Sulforaphane (SFR), an
isothiocyanate from cruciferous vegetables, possesses growth-inhibiting and apoptosis-inducing activities in
cancer cell lines. Recently, SFR has been shown to promote the mitochondrial formation of
reactive oxygen species (ROS) in human
cancer cell lines. The present study was undertaken to see whether SFR-derived ROS might cause DNA damage in cultured human cells, namely T limphoblastoid Jurkat and human umbilical vein endothelial cells (HUVEC). 1-3 h treatments with 10-30 microM SFR elicited intracellular ROS formation (as assayed with dihydrorhodamine, DHR, oxidation) as well as
DNA breakage (as assessed with fast halo assay, FHA). These effects lacked cell-type specificity, since could be observed in both Jurkat and HUVEC. Differential-pH FHA analysis of damaged
DNA showed that SFR causes frank
DNA single strand breaks (SSBs); no
DNA double strand breaks (DSBs) were found within the considered treatment times (up to 3 h). SFR-derived ROS were formed at the mitochondrial respiratory chain (MRC) level: indeed
rotenone or
myxothiazol (MRC Complex I and III inhibitors, respectively) abrogated ROS formation. Furthermore ROS were not formed in Jurkat cells pharmacologically depleted of respiring mitochondria (MRC-/Jurkat). Formation of ROS was causally linked to the induction of SSBs: indeed all the experimental conditions capable of preventing ROS formation also prevented the damage of nuclear
DNA from SFR-intoxicated cells.
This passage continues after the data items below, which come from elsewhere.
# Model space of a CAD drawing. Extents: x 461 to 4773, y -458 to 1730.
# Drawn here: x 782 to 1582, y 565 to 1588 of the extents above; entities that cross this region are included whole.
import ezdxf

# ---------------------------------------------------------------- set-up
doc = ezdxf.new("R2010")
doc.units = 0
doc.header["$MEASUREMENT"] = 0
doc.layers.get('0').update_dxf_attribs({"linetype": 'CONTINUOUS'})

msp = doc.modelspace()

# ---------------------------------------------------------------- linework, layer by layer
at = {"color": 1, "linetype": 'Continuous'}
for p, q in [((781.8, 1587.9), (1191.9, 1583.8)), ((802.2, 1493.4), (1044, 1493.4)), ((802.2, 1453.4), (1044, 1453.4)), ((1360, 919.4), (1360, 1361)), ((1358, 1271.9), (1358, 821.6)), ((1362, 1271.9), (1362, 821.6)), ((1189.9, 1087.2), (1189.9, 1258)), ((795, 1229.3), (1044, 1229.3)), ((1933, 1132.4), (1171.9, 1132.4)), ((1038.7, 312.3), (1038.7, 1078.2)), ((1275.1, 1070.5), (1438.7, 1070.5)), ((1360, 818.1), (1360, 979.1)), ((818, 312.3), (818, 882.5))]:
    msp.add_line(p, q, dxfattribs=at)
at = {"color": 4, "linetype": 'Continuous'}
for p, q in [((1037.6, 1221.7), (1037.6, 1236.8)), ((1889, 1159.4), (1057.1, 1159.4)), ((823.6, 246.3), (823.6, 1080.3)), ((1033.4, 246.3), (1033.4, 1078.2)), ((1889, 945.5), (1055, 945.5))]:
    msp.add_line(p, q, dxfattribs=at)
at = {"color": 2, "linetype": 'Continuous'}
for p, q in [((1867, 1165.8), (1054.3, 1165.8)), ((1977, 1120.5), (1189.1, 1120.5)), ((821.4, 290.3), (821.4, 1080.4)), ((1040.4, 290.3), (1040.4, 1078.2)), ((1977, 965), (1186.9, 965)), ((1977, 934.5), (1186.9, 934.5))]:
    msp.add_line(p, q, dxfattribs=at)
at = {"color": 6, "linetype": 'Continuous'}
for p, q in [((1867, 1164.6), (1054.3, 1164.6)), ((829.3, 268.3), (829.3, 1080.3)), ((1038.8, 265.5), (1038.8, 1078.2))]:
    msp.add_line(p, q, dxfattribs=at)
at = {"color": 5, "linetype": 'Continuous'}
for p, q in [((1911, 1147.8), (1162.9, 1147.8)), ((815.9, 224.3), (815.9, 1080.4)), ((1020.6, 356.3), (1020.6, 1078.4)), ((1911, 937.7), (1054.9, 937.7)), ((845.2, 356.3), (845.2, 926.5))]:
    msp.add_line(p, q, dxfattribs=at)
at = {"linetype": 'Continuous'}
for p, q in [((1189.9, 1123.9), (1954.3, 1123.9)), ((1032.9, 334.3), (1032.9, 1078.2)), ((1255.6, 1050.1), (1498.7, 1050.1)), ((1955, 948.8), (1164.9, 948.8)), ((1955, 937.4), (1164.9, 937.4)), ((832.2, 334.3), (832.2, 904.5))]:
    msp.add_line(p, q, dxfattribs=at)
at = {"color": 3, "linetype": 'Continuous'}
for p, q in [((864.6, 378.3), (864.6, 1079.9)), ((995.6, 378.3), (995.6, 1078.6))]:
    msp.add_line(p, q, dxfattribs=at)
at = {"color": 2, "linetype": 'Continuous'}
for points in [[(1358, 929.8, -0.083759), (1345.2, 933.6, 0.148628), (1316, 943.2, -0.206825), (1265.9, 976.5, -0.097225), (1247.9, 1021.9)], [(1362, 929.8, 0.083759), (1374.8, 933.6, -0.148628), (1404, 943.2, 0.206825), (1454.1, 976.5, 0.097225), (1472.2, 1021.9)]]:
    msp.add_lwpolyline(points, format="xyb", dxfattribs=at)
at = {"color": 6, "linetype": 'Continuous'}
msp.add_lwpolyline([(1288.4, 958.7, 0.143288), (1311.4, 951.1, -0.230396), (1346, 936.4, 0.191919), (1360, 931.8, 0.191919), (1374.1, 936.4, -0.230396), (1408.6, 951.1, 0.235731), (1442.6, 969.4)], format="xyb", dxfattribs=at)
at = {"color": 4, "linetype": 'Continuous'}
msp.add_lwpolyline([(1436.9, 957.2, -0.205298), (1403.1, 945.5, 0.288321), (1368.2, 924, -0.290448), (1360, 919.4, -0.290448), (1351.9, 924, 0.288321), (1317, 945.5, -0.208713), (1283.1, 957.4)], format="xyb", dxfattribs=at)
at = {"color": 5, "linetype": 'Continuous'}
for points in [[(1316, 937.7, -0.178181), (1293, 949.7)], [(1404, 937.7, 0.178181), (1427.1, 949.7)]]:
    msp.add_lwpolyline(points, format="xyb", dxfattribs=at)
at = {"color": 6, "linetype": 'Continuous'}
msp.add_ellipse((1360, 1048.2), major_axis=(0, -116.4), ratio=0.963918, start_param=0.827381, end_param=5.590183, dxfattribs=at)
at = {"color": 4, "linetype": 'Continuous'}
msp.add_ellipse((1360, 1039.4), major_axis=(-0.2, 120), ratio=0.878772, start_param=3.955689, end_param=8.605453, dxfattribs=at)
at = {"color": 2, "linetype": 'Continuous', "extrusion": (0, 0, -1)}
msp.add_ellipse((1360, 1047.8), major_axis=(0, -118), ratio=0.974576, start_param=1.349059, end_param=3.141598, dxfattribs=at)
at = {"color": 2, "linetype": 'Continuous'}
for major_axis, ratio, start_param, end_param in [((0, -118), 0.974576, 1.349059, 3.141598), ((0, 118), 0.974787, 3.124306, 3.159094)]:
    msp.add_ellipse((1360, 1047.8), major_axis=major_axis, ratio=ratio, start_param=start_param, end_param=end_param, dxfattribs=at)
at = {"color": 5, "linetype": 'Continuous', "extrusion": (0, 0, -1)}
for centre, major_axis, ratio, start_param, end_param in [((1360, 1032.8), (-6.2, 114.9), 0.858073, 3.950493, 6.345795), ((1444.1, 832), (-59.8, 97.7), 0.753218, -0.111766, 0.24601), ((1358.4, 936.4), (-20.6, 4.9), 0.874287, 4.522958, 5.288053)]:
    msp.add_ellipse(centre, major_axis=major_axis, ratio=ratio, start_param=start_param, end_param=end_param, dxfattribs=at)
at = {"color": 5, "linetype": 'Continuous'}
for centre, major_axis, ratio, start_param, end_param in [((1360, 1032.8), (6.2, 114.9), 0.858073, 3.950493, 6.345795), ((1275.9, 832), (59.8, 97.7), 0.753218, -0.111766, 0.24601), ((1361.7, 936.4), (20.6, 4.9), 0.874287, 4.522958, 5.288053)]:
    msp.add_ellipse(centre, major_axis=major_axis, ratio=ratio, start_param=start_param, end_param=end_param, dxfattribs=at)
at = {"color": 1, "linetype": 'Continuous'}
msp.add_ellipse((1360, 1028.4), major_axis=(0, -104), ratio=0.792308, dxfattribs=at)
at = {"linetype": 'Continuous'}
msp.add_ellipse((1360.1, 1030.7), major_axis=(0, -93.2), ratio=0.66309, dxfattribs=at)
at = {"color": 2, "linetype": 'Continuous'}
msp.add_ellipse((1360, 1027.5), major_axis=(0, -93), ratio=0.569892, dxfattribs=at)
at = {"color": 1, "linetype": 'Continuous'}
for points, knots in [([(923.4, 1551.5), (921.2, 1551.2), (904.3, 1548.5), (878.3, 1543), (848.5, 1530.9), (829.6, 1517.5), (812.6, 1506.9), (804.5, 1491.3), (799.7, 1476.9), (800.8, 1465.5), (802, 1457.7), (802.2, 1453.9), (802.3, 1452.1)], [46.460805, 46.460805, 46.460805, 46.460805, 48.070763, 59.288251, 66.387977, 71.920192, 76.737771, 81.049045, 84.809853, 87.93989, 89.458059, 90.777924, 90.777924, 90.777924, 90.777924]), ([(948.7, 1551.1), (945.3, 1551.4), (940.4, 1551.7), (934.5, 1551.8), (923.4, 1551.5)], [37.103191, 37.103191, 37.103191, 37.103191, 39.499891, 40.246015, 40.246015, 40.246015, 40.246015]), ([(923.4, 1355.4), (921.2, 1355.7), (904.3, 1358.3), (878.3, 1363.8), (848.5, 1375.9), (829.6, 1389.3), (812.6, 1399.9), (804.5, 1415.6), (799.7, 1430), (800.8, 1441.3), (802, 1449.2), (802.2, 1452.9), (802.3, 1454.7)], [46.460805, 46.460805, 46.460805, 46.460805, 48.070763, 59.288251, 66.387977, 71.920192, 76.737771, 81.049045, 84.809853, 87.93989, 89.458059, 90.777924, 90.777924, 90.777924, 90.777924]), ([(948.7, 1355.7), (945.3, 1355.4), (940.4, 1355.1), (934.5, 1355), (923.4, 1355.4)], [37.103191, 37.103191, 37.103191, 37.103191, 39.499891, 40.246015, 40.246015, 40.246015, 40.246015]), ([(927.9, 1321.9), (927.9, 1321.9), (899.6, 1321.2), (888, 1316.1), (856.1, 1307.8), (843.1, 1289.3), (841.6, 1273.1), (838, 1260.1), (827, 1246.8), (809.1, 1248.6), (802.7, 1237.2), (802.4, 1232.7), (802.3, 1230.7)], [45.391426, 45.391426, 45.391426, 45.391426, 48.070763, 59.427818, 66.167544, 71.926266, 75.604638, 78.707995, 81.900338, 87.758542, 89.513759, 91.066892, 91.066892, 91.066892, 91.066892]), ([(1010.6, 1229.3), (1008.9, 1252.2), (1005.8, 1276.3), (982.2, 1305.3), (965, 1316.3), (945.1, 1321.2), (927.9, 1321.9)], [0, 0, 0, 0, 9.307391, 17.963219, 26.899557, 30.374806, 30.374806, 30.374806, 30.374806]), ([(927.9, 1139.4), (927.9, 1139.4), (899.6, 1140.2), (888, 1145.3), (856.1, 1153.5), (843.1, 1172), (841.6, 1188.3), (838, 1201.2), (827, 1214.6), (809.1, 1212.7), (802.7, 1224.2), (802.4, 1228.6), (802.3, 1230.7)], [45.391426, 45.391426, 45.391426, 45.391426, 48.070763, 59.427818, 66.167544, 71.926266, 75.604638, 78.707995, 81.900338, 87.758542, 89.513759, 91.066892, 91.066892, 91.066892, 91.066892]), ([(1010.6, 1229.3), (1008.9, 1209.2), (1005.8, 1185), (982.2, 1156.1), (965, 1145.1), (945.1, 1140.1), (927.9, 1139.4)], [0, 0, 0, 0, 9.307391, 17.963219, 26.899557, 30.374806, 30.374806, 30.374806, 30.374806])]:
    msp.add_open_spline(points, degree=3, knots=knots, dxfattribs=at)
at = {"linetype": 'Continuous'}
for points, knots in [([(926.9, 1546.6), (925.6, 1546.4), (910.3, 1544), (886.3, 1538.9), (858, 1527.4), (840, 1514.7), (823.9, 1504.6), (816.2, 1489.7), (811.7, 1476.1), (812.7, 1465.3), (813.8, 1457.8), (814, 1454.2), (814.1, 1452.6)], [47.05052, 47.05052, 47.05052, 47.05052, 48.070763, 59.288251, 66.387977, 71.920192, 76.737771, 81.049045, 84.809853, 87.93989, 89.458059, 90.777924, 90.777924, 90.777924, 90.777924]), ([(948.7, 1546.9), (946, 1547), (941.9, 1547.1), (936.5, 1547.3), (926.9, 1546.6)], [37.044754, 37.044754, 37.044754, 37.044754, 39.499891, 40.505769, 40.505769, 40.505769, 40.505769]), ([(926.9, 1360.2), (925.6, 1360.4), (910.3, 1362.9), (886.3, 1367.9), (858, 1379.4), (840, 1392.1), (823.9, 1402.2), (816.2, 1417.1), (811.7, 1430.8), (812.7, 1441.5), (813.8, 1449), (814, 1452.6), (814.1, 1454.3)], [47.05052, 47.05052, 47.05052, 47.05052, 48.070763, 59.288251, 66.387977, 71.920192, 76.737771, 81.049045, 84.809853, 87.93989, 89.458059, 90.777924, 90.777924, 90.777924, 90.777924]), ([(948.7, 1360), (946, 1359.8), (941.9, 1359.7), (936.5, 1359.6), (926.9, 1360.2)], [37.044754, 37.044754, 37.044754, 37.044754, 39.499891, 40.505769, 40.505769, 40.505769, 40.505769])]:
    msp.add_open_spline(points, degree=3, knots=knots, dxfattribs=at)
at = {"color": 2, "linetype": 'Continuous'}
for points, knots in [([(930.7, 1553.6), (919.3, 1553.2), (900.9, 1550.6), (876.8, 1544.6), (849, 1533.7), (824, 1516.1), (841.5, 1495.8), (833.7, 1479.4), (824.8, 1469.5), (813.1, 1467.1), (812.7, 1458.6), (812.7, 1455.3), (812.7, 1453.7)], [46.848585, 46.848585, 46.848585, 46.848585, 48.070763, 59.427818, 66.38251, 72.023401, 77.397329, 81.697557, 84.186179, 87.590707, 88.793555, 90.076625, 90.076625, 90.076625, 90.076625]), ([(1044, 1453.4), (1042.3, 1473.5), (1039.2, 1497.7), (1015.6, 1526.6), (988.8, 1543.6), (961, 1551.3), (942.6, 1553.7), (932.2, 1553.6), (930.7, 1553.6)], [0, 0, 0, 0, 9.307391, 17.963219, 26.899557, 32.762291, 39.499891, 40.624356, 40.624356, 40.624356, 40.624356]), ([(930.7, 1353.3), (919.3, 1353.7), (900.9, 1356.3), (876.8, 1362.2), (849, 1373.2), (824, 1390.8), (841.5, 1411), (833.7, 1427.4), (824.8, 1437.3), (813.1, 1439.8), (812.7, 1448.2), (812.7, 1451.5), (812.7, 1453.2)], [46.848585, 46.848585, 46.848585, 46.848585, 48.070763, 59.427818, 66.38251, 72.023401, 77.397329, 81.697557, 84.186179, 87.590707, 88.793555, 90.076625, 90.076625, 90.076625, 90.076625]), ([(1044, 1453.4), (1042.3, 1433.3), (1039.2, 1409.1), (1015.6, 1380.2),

As to the toxicological relevance of SSBs, we found that their prevention slightly but significantly attenuated SFR cytotoxicity, suggesting that high-dose SFR toxicity is the result of a complex series of events among which GSH depletion seems to play a pivotal role. In conclusion, the present study identifies a novel mechanism contributing to SFR toxicity which - since DNA damage is a prominent mechanism underlying the cytotoxic activity of established
antineoplastic agents - might help to exploit the therapeutic value of SFR in anticancer drug protocols.